Reflection: 1 Samuel tells us that  Saul sparing the life of King Agag though the Lord told Saul not to spare his life.   Saul did so because of compassion though he had no direct command from God to do so. The Lord told Saul that his life was then forfeit. 

In  seemingly less strenuous circumstances we think it’s all right to do something because we think, God will understand, He is compassionate.  Like the businessman on a long trip away from family, a few drinks in the hotel bar, a nice woman with a sad story…God will understand.  The husband’s  wife nor his children will understand.  The Lord understands all together too well and He is judge of the living and the dead. The businessman in question builds his own theology to cover his sin but only repentance on account of the blood shed by Jesus can heal.  

We can build a whole false ethos around under the cloak of  ‘theology’. Pr. Murray (Pastor of Memorial Lutheran Church, Houston, TX)  points out that we are pretty good at “creating our own righteousness”.  The Law shows us if our moral behavior  is God pleasing   in way of our commitments and relationships in life:  mother, father, brother, sister, citizen, etc. The way to find out quite easily if what we are doing is actually holy is to ask: Is it conformity to God’s Law?  If not, then pray the Lord’s Prayer, “Lead us not into temptation.”

Samuel’s very name means literally “God hears”.  He was named so because Samuel’s Mother, Hannah was childless and God heard her distress.  “Surely to obey the voice of the Lord is better than sacrifice.”  Samuel heard for the Lord heard him…and us as well to the depths of our sinful being. 

For further reflection, Meditation by Pr. Murray, from his A Year with the Church Fathers (CPH) in which he addresses do-it yourself theology…false theology: 

There can be no freeform holiness that comes from our own hearts. We often define and act on our own set of pious principles in seeking our own righteousness. This is purely a rebellion against the clear and unchanging will of God in the Law. There can be no holiness apart from the specific commands of a holy God. Our revision of the divine Law arises from seemingly righteous principles. Perhaps Saul spared Agag (1 Samuel 15) out of a desire to be compassionate and gracious, which God Himself claims to be (Psalm 86:15). Why shouldn’t Saul be able to get in on the compassion act? Simply because he had a direct command from God to do otherwise.

A veteran pastor was confronted by two married couples whom he considered pious members of his parish. They announced to him that they were swapping spouses and wondered if he might unite them in a double wedding. They argued that their spouse swap was loving and that, after all, the Holy Spirit had let them know that this was a good thing. He strongly suggested to them that they could not ignore the Sixth Commandment, and that maybe their spouse swap was merely self-serving. Our impieties are often perpetrated for pious reasons; love and compassion being common among those pious reasons. We even argue that God agrees with us. Like Saul, who as a worldly ruler considered it his prerogative to spare Agag, our pieties tend to benefit ourselves. We must flee from creating our own righteousness and remain tied down to the clear Word of God.
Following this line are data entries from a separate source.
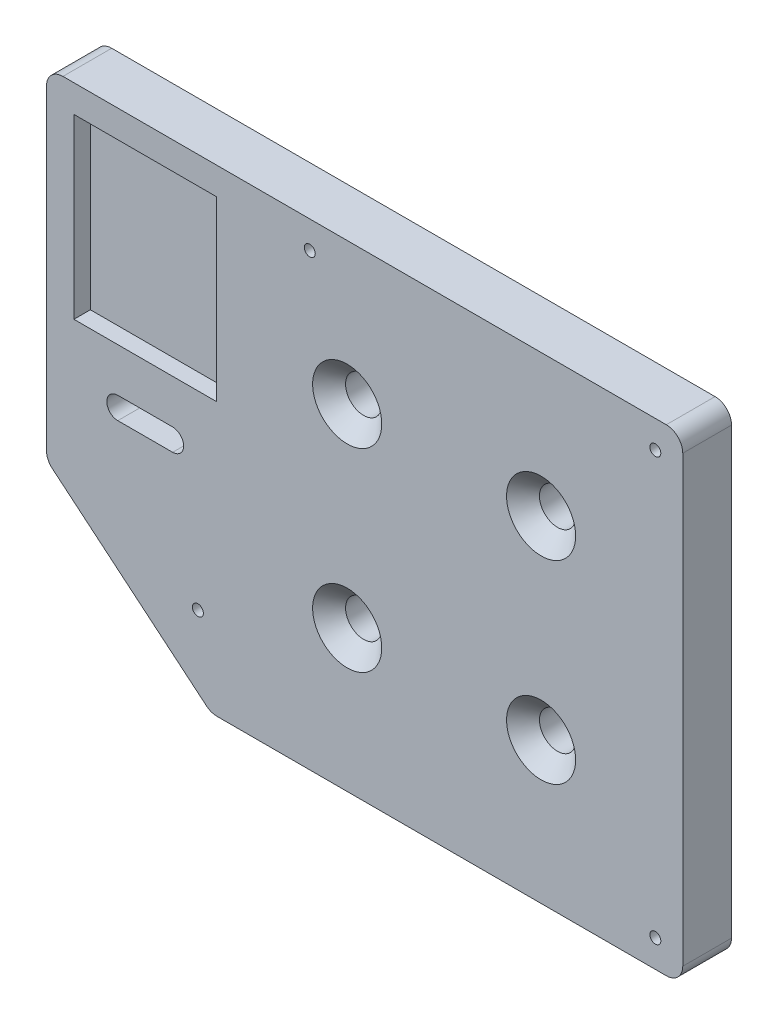
ISO-10303-21;
HEADER;
FILE_DESCRIPTION(('STEP AP214'),'2;1');
FILE_NAME('part.step','',(''),(''),'','','');
FILE_SCHEMA(('AUTOMOTIVE_DESIGN { 1 0 10303 214 1 1 1 1 }'));
ENDSEC;
DATA;
#1=APPLICATION_CONTEXT('core data for automotive mechanical design processes');
#2=APPLICATION_PROTOCOL_DEFINITION('international standard','automotive_design',2000,#1);
#3=PRODUCT_CONTEXT('',#1,'mechanical');
#4=PRODUCT('Part','Part','',(#3));
#5=PRODUCT_RELATED_PRODUCT_CATEGORY('part','',(#4));
#6=PRODUCT_DEFINITION_FORMATION('','',#4);
#7=PRODUCT_DEFINITION_CONTEXT('part definition',#1,'design');
#8=PRODUCT_DEFINITION('design','',#6,#7);
#9=PRODUCT_DEFINITION_SHAPE('','',#8);
#10=(LENGTH_UNIT() NAMED_UNIT(*) SI_UNIT(.MILLI.,.METRE.));
#11=(NAMED_UNIT(*) PLANE_ANGLE_UNIT() SI_UNIT($,.RADIAN.));
#12=(NAMED_UNIT(*) SI_UNIT($,.STERADIAN.) SOLID_ANGLE_UNIT());
#13=UNCERTAINTY_MEASURE_WITH_UNIT(LENGTH_MEASURE(1.E-05),#10,'distance_accuracy_value','');
#14=(GEOMETRIC_REPRESENTATION_CONTEXT(3) GLOBAL_UNCERTAINTY_ASSIGNED_CONTEXT((#13)) GLOBAL_UNIT_ASSIGNED_CONTEXT((#10,
#11,#12)) REPRESENTATION_CONTEXT('',''));
#15=CARTESIAN_POINT('',(0.,0.,0.));
#16=DIRECTION('',(0.,0.,1.));
#17=DIRECTION('',(1.,0.,0.));
#18=AXIS2_PLACEMENT_3D('',#15,#16,#17);
#19=CARTESIAN_POINT('',(0.,0.,-6.));
#20=DIRECTION('',(0.,0.,1.));
#21=DIRECTION('',(1.,0.,0.));
#22=AXIS2_PLACEMENT_3D('',#19,#20,#21);
#23=CYLINDRICAL_SURFACE('',#22,37.5);
#24=CARTESIAN_POINT('',(0.,0.,-4.));
#25=DIRECTION('',(0.,0.,-1.));
#26=DIRECTION('',(-1.,0.,0.));
#27=AXIS2_PLACEMENT_3D('',#24,#25,#26);
#28=CIRCLE('',#27,37.5);
#29=CARTESIAN_POINT('',(-37.5,0.,-4.));
#30=VERTEX_POINT('',#29);
#31=EDGE_CURVE('E299',#30,#30,#28,.T.);
#32=ORIENTED_EDGE('',*,*,#31,.T.);
#33=EDGE_LOOP('',(#32));
#34=FACE_BOUND('',#33,.T.);
#35=CARTESIAN_POINT('',(0.,0.,-6.));
#36=DIRECTION('',(0.,0.,1.));
#37=DIRECTION('',(1.,0.,0.));
#38=AXIS2_PLACEMENT_3D('',#35,#36,#37);
#39=CIRCLE('',#38,37.5);
#40=CARTESIAN_POINT('',(37.5,0.,-6.));
#41=VERTEX_POINT('',#40);
#42=EDGE_CURVE('E293',#41,#41,#39,.T.);
#43=ORIENTED_EDGE('',*,*,#42,.T.);
#44=EDGE_LOOP('',(#43));
#45=FACE_BOUND('',#44,.T.);
#46=ADVANCED_FACE('F33',(#34,#45),#23,.T.);
#47=CARTESIAN_POINT('',(0.,0.,-6.));
#48=DIRECTION('',(0.,0.,1.));
#49=DIRECTION('',(1.,0.,0.));
#50=AXIS2_PLACEMENT_3D('',#47,#48,#49);
#51=PLANE('',#50);
#52=CARTESIAN_POINT('',(0.,0.,-6.));
#53=DIRECTION('',(0.,0.,-1.));
#54=DIRECTION('',(-1.,0.,0.));
#55=AXIS2_PLACEMENT_3D('',#52,#53,#54);
#56=CIRCLE('',#55,31.7);
#57=CARTESIAN_POINT('',(-31.7,0.,-6.));
#58=VERTEX_POINT('',#57);
#59=EDGE_CURVE('E287',#58,#58,#56,.T.);
#60=ORIENTED_EDGE('',*,*,#59,.F.);
#61=EDGE_LOOP('',(#60));
#62=FACE_BOUND('',#61,.T.);
#63=ORIENTED_EDGE('',*,*,#42,.F.);
#64=EDGE_LOOP('',(#63));
#65=FACE_BOUND('',#64,.T.);
#66=ADVANCED_FACE('F397',(#62,#65),#51,.F.);
#67=CARTESIAN_POINT('',(0.,0.,89.6611398544542));
#68=DIRECTION('',(0.,0.,-1.));
#69=DIRECTION('',(-1.,0.,0.));
#70=AXIS2_PLACEMENT_3D('',#67,#68,#69);
#71=CYLINDRICAL_SURFACE('',#70,31.7);
#72=ORIENTED_EDGE('',*,*,#59,.T.);
#73=EDGE_LOOP('',(#72));
#74=FACE_BOUND('',#73,.T.);
#75=CARTESIAN_POINT('',(0.,0.,0.));
#76=DIRECTION('',(0.,0.,1.));
#77=DIRECTION('',(1.,0.,0.));
#78=AXIS2_PLACEMENT_3D('',#75,#76,#77);
#79=CIRCLE('',#78,31.7);
#80=CARTESIAN_POINT('',(31.7,0.,0.));
#81=VERTEX_POINT('',#80);
#82=EDGE_CURVE('E290',#81,#81,#79,.F.);
#83=ORIENTED_EDGE('',*,*,#82,.F.);
#84=EDGE_LOOP('',(#83));
#85=FACE_BOUND('',#84,.T.);
#86=ADVANCED_FACE('F403',(#74,#85),#71,.F.);
#87=CARTESIAN_POINT('',(0.,0.,0.));
#88=DIRECTION('',(0.,0.,-1.));
#89=DIRECTION('',(-1.,0.,0.));
#90=AXIS2_PLACEMENT_3D('',#87,#88,#89);
#91=PLANE('',#90);
#92=CARTESIAN_POINT('',(38.5,-38.5,0.));
#93=DIRECTION('',(0.,0.,-1.));
#94=DIRECTION('',(-1.,0.,0.));
#95=AXIS2_PLACEMENT_3D('',#92,#93,#94);
#96=CIRCLE('',#95,0.999999999999998);
#97=CARTESIAN_POINT('',(37.5,-38.5,0.));
#98=VERTEX_POINT('',#97);
#99=EDGE_CURVE('E787',#98,#98,#96,.F.);
#100=ORIENTED_EDGE('',*,*,#99,.T.);
#101=EDGE_LOOP('',(#100));
#102=FACE_BOUND('',#101,.T.);
#103=CARTESIAN_POINT('',(38.5,38.5,0.));
#104=DIRECTION('',(0.,0.,-1.));
#105=DIRECTION('',(-1.,0.,0.));
#106=AXIS2_PLACEMENT_3D('',#103,#104,#105);
#107=CIRCLE('',#106,0.999999999999998);
#108=CARTESIAN_POINT('',(37.5,38.5,0.));
#109=VERTEX_POINT('',#108);
#110=EDGE_CURVE('E791',#109,#109,#107,.F.);
#111=ORIENTED_EDGE('',*,*,#110,.T.);
#112=EDGE_LOOP('',(#111));
#113=FACE_BOUND('',#112,.T.);
#114=CARTESIAN_POINT('',(-24.5,38.5,0.));
#115=DIRECTION('',(0.,0.,-1.));
#116=DIRECTION('',(-1.,0.,0.));
#117=AXIS2_PLACEMENT_3D('',#114,#115,#116);
#118=CIRCLE('',#117,0.999999999999998);
#119=CARTESIAN_POINT('',(-25.5,38.5,0.));
#120=VERTEX_POINT('',#119);
#121=EDGE_CURVE('E795',#120,#120,#118,.F.);
#122=ORIENTED_EDGE('',*,*,#121,.T.);
#123=EDGE_LOOP('',(#122));
#124=FACE_BOUND('',#123,.T.);
#125=CARTESIAN_POINT('',(-44.898080813822,-28.4620661203998,0.));
#126=DIRECTION('',(0.,0.,-1.));
#127=DIRECTION('',(-1.,0.,0.));
#128=AXIS2_PLACEMENT_3D('',#125,#126,#127);
#129=CIRCLE('',#128,0.999999999999998);
#130=CARTESIAN_POINT('',(-45.898080813822,-28.4620661203998,0.));
#131=VERTEX_POINT('',#130);
#132=EDGE_CURVE('E798',#131,#131,#129,.F.);
#133=ORIENTED_EDGE('',*,*,#132,.T.);
#134=EDGE_LOOP('',(#133));
#135=FACE_BOUND('',#134,.T.);
#136=DIRECTION('',(-1.,0.,0.));
#137=VECTOR('',#136,1.);
#138=CARTESIAN_POINT('',(-49.5,-1.85000000000001,0.));
#139=LINE('',#138,#137);
#140=CARTESIAN_POINT('',(-49.5,-1.85000000000001,0.));
#141=VERTEX_POINT('',#140);
#142=CARTESIAN_POINT('',(-59.5,-1.85000000000001,0.));
#143=VERTEX_POINT('',#142);
#144=EDGE_CURVE('E173',#141,#143,#139,.T.);
#145=ORIENTED_EDGE('',*,*,#144,.T.);
#146=CARTESIAN_POINT('',(-59.5,-3.85000000000001,0.));
#147=DIRECTION('',(0.,0.,-1.));
#148=DIRECTION('',(-1.,0.,0.));
#149=AXIS2_PLACEMENT_3D('',#146,#147,#148);
#150=CIRCLE('',#149,2.);
#151=CARTESIAN_POINT('',(-59.5,-5.85000000000001,0.));
#152=VERTEX_POINT('',#151);
#153=EDGE_CURVE('E159',#143,#152,#150,.F.);
#154=ORIENTED_EDGE('',*,*,#153,.T.);
#155=DIRECTION('',(1.,0.,0.));
#156=VECTOR('',#155,1.);
#157=CARTESIAN_POINT('',(-49.5,-5.85,0.));
#158=LINE('',#157,#156);
#159=CARTESIAN_POINT('',(-49.5,-5.85,0.));
#160=VERTEX_POINT('',#159);
#161=EDGE_CURVE('E192',#152,#160,#158,.T.);
#162=ORIENTED_EDGE('',*,*,#161,.T.);
#163=CARTESIAN_POINT('',(-49.5,-3.85000000000001,0.));
#164=DIRECTION('',(0.,0.,-1.));
#165=DIRECTION('',(-1.,0.,0.));
#166=AXIS2_PLACEMENT_3D('',#163,#164,#165);
#167=CIRCLE('',#166,2.);
#168=EDGE_CURVE('E180',#160,#141,#167,.F.);
#169=ORIENTED_EDGE('',*,*,#168,.T.);
#170=EDGE_LOOP('',(#145,#154,#162,#169));
#171=FACE_BOUND('',#170,.T.);
#172=DIRECTION('',(0.,1.,0.));
#173=VECTOR('',#172,1.);
#174=CARTESIAN_POINT('',(43.5,-43.5,0.));
#175=LINE('',#174,#173);
#176=CARTESIAN_POINT('',(43.5,-40.5,0.));
#177=VERTEX_POINT('',#176);
#178=CARTESIAN_POINT('',(43.5,40.5,0.));
#179=VERTEX_POINT('',#178);
#180=EDGE_CURVE('E236',#177,#179,#175,.T.);
#181=ORIENTED_EDGE('',*,*,#180,.F.);
#182=CARTESIAN_POINT('',(40.5,-40.5,0.));
#183=DIRECTION('',(0.,0.,-1.));
#184=DIRECTION('',(-1.,0.,0.));
#185=AXIS2_PLACEMENT_3D('',#182,#183,#184);
#186=CIRCLE('',#185,3.);
#187=CARTESIAN_POINT('',(40.5,-43.5,0.));
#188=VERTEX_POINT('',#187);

“Saul saw fit to use compassion when he spared the king whom God commanded to be slain (1 Samuel 15:9-11). However, he deserved to have his disobedient compassion, or, if you prefer it, his compassionate disobedience, rejected and condemned, that man may be on his guard against extending mercy to his fellow man in opposition to the sentence of Him by whom man was made. Truth, by the mouth of the Incarnate Himself, proclaims as if in a thundering voice, ‘Unless one is born of water and the Spirit, he cannot enter the kingdom of God’ (John 3:5). And in order to except martyrs from this sentence, to whose lot it has fallen to be slain for the name of Christ before being washed in the Baptism of Christ, He says in another passage, ‘Whoever loses his life for My sake will find it’ (Matthew 10:39)” (Augustine, On the Soul and its Origin, 2.17).

Almighty God, in Your mercy You gave Samuel to courage to call Israel to repentance and to renew their dedication to the Lord.  Call us to repentance as Nathan called David to repentance, so by the blood of Jesus, the Son of David,  we may receive the forgiveness of all our sins;  through Jesus Christ, our Lord.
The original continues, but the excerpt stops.